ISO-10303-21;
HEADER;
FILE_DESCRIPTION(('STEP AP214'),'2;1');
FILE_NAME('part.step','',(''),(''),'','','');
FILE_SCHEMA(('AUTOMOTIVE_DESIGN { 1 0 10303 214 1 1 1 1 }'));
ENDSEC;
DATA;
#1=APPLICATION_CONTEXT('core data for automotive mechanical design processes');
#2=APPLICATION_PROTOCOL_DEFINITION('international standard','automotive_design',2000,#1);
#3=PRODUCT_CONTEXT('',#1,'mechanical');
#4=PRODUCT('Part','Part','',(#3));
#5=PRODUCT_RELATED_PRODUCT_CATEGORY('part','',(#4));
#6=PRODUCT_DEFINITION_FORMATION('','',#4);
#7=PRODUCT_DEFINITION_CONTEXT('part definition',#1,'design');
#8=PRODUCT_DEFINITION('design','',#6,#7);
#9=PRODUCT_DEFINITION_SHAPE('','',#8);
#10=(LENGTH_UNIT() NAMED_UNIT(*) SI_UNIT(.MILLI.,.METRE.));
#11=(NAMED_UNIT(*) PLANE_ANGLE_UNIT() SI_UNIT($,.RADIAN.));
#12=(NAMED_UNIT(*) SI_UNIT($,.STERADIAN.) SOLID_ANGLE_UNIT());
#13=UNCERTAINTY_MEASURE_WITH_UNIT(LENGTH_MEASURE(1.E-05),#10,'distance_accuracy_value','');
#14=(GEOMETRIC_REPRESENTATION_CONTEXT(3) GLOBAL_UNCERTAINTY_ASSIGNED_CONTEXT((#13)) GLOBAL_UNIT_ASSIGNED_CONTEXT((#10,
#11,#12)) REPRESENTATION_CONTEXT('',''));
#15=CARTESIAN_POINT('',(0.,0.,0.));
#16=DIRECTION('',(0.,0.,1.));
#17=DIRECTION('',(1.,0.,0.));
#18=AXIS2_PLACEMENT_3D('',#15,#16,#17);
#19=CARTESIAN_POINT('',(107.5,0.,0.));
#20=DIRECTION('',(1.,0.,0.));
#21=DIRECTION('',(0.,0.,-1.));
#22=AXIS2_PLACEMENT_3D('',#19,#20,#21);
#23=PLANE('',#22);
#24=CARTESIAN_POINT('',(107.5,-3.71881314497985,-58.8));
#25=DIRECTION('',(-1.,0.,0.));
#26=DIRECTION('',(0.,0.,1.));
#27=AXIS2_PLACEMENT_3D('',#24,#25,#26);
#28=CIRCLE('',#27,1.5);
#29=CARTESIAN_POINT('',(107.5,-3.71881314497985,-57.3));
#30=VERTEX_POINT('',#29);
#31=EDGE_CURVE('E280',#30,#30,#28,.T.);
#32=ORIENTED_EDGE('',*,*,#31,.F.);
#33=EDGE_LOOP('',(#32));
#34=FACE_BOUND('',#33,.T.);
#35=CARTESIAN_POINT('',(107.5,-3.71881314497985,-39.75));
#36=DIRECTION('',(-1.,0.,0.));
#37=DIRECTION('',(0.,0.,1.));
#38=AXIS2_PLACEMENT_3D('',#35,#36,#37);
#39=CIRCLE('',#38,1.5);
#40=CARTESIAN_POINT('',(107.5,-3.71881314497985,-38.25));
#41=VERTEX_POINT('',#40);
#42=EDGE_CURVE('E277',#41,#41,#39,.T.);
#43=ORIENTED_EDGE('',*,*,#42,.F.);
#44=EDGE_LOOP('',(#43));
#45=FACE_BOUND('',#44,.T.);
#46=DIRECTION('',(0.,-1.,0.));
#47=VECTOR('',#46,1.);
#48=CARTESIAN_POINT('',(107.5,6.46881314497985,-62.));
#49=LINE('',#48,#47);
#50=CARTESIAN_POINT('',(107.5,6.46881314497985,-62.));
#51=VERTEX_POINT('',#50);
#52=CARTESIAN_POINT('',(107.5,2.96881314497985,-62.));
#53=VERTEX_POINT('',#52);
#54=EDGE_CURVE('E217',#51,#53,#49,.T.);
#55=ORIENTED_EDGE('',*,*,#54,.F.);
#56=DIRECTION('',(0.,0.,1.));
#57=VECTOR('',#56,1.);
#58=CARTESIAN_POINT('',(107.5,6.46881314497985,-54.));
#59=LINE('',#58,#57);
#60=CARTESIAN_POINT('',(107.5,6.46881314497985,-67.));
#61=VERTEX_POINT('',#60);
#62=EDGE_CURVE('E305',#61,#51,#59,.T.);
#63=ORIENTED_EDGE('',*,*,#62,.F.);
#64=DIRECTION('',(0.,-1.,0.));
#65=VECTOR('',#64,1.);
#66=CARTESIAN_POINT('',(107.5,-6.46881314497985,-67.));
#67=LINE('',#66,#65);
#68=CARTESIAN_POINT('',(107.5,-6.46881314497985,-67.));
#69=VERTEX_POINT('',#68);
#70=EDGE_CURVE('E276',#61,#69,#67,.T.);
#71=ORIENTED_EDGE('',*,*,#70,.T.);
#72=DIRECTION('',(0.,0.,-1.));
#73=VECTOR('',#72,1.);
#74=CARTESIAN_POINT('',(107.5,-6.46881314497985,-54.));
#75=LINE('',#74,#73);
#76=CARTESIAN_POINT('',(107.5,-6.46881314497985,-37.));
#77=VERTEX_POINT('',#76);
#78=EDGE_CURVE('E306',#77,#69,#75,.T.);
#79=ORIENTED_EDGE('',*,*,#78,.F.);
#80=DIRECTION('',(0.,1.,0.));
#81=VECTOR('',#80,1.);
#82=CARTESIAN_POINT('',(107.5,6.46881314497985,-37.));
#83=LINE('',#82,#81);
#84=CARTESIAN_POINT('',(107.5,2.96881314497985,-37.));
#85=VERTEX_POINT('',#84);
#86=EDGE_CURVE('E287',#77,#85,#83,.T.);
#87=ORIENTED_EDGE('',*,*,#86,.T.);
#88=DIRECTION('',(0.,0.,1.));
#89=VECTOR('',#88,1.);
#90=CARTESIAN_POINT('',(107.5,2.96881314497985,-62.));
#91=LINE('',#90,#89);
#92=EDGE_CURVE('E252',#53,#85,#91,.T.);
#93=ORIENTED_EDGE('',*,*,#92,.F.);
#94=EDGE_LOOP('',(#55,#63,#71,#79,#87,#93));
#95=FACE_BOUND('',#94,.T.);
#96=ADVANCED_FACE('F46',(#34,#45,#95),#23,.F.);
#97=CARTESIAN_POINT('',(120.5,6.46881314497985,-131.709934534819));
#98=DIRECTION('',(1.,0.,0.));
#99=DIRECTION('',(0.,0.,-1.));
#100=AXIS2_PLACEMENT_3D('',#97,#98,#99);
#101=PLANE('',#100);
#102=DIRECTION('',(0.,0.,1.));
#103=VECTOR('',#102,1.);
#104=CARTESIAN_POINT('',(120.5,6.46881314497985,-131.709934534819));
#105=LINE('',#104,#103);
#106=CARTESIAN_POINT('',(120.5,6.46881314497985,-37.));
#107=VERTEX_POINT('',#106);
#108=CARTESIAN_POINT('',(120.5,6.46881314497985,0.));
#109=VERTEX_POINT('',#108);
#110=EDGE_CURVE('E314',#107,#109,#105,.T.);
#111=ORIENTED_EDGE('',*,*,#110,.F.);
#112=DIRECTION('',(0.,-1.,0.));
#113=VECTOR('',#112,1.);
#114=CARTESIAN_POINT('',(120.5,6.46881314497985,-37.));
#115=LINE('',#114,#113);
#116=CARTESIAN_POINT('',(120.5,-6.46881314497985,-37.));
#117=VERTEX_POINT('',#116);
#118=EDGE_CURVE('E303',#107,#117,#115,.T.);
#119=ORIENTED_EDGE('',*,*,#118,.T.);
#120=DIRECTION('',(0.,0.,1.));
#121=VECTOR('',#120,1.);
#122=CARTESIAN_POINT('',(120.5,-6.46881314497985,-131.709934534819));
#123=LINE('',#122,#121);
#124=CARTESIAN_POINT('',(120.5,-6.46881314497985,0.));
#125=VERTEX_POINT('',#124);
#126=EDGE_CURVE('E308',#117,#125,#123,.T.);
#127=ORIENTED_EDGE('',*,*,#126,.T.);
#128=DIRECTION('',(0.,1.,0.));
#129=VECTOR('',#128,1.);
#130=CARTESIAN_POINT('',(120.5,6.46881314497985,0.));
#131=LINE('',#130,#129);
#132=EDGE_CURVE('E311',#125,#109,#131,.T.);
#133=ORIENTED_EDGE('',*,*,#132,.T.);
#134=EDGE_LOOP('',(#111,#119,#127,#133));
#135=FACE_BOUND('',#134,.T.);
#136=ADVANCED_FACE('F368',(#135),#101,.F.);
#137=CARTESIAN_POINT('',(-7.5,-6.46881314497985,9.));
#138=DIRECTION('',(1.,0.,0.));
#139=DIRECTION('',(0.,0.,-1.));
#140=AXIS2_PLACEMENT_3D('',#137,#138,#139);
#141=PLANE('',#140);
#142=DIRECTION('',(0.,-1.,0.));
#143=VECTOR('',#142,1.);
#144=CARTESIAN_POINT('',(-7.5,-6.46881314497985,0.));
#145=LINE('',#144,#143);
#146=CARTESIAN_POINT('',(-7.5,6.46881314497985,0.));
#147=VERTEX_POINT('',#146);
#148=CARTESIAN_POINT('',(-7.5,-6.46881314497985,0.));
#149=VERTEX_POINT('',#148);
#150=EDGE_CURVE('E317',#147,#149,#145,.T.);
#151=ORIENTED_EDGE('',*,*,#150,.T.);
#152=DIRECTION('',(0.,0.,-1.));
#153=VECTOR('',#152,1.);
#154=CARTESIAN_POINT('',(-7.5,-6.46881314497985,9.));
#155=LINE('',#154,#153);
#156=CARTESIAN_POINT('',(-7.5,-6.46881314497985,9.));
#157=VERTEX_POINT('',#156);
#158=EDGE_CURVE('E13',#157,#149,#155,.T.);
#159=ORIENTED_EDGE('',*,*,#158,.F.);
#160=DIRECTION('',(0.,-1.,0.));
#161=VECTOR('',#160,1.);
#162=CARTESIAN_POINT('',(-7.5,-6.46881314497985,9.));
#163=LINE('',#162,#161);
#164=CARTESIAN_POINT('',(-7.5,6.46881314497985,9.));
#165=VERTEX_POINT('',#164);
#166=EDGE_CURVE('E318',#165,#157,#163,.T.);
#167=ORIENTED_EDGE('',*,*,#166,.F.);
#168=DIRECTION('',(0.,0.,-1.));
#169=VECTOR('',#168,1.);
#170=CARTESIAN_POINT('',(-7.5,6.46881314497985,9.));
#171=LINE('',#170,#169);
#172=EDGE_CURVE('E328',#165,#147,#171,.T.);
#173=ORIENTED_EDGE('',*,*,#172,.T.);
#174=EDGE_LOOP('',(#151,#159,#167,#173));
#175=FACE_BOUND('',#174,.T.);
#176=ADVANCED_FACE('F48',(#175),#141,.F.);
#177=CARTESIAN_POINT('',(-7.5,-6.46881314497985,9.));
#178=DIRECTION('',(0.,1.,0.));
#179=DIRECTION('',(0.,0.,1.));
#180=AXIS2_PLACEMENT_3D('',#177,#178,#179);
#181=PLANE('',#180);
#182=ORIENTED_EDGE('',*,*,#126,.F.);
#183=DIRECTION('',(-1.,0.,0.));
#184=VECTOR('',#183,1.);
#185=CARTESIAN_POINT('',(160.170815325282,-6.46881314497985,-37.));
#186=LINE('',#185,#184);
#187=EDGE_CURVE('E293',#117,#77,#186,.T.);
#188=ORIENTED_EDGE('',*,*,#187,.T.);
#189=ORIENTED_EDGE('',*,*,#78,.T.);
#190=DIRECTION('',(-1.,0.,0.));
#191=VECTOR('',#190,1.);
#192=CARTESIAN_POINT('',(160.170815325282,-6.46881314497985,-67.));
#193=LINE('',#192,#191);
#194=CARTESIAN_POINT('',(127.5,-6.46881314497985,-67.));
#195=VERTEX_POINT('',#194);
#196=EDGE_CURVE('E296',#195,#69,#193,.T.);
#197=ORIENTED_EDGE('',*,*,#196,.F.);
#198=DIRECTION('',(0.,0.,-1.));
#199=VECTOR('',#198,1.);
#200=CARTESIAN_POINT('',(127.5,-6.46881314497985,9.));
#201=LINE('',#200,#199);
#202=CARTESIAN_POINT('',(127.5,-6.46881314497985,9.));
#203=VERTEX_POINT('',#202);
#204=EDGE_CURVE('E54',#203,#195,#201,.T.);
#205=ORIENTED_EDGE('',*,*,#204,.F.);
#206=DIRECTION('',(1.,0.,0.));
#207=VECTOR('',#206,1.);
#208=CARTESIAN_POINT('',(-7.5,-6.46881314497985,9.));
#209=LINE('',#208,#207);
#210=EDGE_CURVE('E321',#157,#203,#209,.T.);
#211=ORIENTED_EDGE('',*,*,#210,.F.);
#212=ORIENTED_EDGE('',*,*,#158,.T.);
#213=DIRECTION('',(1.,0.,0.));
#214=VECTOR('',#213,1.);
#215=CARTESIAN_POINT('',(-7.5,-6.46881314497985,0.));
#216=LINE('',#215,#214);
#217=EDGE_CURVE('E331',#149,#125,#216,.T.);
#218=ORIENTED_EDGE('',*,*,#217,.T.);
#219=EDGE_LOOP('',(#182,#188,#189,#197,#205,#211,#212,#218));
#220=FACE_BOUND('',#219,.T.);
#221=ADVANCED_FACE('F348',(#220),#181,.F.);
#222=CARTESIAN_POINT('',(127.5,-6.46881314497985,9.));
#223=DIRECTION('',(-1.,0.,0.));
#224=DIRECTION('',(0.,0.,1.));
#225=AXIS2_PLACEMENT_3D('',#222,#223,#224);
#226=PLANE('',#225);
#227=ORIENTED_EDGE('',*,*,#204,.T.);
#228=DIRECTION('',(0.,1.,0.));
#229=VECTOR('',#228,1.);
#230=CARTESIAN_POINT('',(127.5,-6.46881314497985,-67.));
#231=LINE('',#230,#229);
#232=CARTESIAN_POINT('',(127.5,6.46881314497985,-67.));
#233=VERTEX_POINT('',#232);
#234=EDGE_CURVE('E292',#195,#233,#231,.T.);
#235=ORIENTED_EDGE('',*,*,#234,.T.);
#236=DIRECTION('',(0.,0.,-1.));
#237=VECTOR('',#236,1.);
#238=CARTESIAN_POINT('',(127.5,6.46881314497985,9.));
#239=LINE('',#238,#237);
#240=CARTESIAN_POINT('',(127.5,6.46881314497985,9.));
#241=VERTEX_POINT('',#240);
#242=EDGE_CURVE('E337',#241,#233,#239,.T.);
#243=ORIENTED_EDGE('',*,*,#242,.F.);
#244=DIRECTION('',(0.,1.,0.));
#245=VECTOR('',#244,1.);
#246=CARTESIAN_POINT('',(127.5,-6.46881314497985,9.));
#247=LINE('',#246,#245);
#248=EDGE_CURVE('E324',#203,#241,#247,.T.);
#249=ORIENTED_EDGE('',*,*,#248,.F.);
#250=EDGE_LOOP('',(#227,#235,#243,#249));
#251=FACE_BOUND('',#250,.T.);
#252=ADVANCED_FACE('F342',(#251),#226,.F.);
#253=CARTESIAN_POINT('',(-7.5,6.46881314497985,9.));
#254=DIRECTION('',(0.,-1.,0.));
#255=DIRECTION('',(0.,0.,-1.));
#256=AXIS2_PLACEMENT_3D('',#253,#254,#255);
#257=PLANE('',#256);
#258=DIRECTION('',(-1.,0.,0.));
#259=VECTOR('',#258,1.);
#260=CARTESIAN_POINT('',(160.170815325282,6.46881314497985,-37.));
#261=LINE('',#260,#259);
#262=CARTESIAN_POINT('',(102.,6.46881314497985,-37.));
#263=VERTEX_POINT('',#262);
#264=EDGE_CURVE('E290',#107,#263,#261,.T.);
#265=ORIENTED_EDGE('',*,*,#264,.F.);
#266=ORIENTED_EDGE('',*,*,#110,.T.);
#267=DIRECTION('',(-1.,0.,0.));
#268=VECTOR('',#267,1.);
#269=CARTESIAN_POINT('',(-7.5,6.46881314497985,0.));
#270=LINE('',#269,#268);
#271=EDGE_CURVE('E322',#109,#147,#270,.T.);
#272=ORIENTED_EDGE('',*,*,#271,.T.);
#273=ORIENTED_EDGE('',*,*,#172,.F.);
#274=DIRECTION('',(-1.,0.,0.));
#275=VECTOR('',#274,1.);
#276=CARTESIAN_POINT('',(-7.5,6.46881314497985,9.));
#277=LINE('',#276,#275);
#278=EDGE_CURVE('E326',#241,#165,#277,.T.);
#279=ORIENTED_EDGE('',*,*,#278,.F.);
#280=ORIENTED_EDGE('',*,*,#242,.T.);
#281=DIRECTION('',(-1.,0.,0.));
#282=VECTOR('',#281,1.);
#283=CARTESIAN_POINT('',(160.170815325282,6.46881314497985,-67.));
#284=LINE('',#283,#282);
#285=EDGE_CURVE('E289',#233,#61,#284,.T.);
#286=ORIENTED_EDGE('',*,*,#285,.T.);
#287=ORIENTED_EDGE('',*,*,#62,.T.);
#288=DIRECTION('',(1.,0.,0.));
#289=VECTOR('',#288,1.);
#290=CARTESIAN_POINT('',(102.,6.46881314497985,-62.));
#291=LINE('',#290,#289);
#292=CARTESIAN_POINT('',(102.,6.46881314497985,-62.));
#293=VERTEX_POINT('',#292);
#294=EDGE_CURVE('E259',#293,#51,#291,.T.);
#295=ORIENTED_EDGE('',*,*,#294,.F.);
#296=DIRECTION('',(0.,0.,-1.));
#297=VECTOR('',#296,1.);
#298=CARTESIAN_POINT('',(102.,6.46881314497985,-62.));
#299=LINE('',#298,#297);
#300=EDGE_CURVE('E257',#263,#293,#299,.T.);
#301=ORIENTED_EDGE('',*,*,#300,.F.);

**Directions:** Reproduce exactly the lines above from the line with "#70=EDGE_CURVE('E276',#61,#69,#67,.T.);" to the line with "#132=EDGE_CURVE('E311',#125,#109,#131,.T.);", including both, and add nothing.

**Problem solution:**
#70=EDGE_CURVE('E276',#61,#69,#67,.T.);
#71=ORIENTED_EDGE('',*,*,#70,.T.);
#72=DIRECTION('',(0.,0.,-1.));
#73=VECTOR('',#72,1.);
#74=CARTESIAN_POINT('',(107.5,-6.46881314497985,-54.));
#75=LINE('',#74,#73);
#76=CARTESIAN_POINT('',(107.5,-6.46881314497985,-37.));
#77=VERTEX_POINT('',#76);
#78=EDGE_CURVE('E306',#77,#69,#75,.T.);
#79=ORIENTED_EDGE('',*,*,#78,.F.);
#80=DIRECTION('',(0.,1.,0.));
#81=VECTOR('',#80,1.);
#82=CARTESIAN_POINT('',(107.5,6.46881314497985,-37.));
#83=LINE('',#82,#81);
#84=CARTESIAN_POINT('',(107.5,2.96881314497985,-37.));
#85=VERTEX_POINT('',#84);
#86=EDGE_CURVE('E287',#77,#85,#83,.T.);
#87=ORIENTED_EDGE('',*,*,#86,.T.);
#88=DIRECTION('',(0.,0.,1.));
#89=VECTOR('',#88,1.);
#90=CARTESIAN_POINT('',(107.5,2.96881314497985,-62.));
#91=LINE('',#90,#89);
#92=EDGE_CURVE('E252',#53,#85,#91,.T.);
#93=ORIENTED_EDGE('',*,*,#92,.F.);
#94=EDGE_LOOP('',(#55,#63,#71,#79,#87,#93));
#95=FACE_BOUND('',#94,.T.);
#96=ADVANCED_FACE('F46',(#34,#45,#95),#23,.F.);
#97=CARTESIAN_POINT('',(120.5,6.46881314497985,-131.709934534819));
#98=DIRECTION('',(1.,0.,0.));
#99=DIRECTION('',(0.,0.,-1.));
#100=AXIS2_PLACEMENT_3D('',#97,#98,#99);
#101=PLANE('',#100);
#102=DIRECTION('',(0.,0.,1.));
#103=VECTOR('',#102,1.);
#104=CARTESIAN_POINT('',(120.5,6.46881314497985,-131.709934534819));
#105=LINE('',#104,#103);
#106=CARTESIAN_POINT('',(120.5,6.46881314497985,-37.));
#107=VERTEX_POINT('',#106);
#108=CARTESIAN_POINT('',(120.5,6.46881314497985,0.));
#109=VERTEX_POINT('',#108);
#110=EDGE_CURVE('E314',#107,#109,#105,.T.);
#111=ORIENTED_EDGE('',*,*,#110,.F.);
#112=DIRECTION('',(0.,-1.,0.));
#113=VECTOR('',#112,1.);
#114=CARTESIAN_POINT('',(120.5,6.46881314497985,-37.));
#115=LINE('',#114,#113);
#116=CARTESIAN_POINT('',(120.5,-6.46881314497985,-37.));
#117=VERTEX_POINT('',#116);
#118=EDGE_CURVE('E303',#107,#117,#115,.T.);
#119=ORIENTED_EDGE('',*,*,#118,.T.);
#120=DIRECTION('',(0.,0.,1.));
#121=VECTOR('',#120,1.);
#122=CARTESIAN_POINT('',(120.5,-6.46881314497985,-131.709934534819));
#123=LINE('',#122,#121);
#124=CARTESIAN_POINT('',(120.5,-6.46881314497985,0.));
#125=VERTEX_POINT('',#124);
#126=EDGE_CURVE('E308',#117,#125,#123,.T.);
#127=ORIENTED_EDGE('',*,*,#126,.T.);
#128=DIRECTION('',(0.,1.,0.));
#129=VECTOR('',#128,1.);
#130=CARTESIAN_POINT('',(120.5,6.46881314497985,0.));
#131=LINE('',#130,#129);
#132=EDGE_CURVE('E311',#125,#109,#131,.T.);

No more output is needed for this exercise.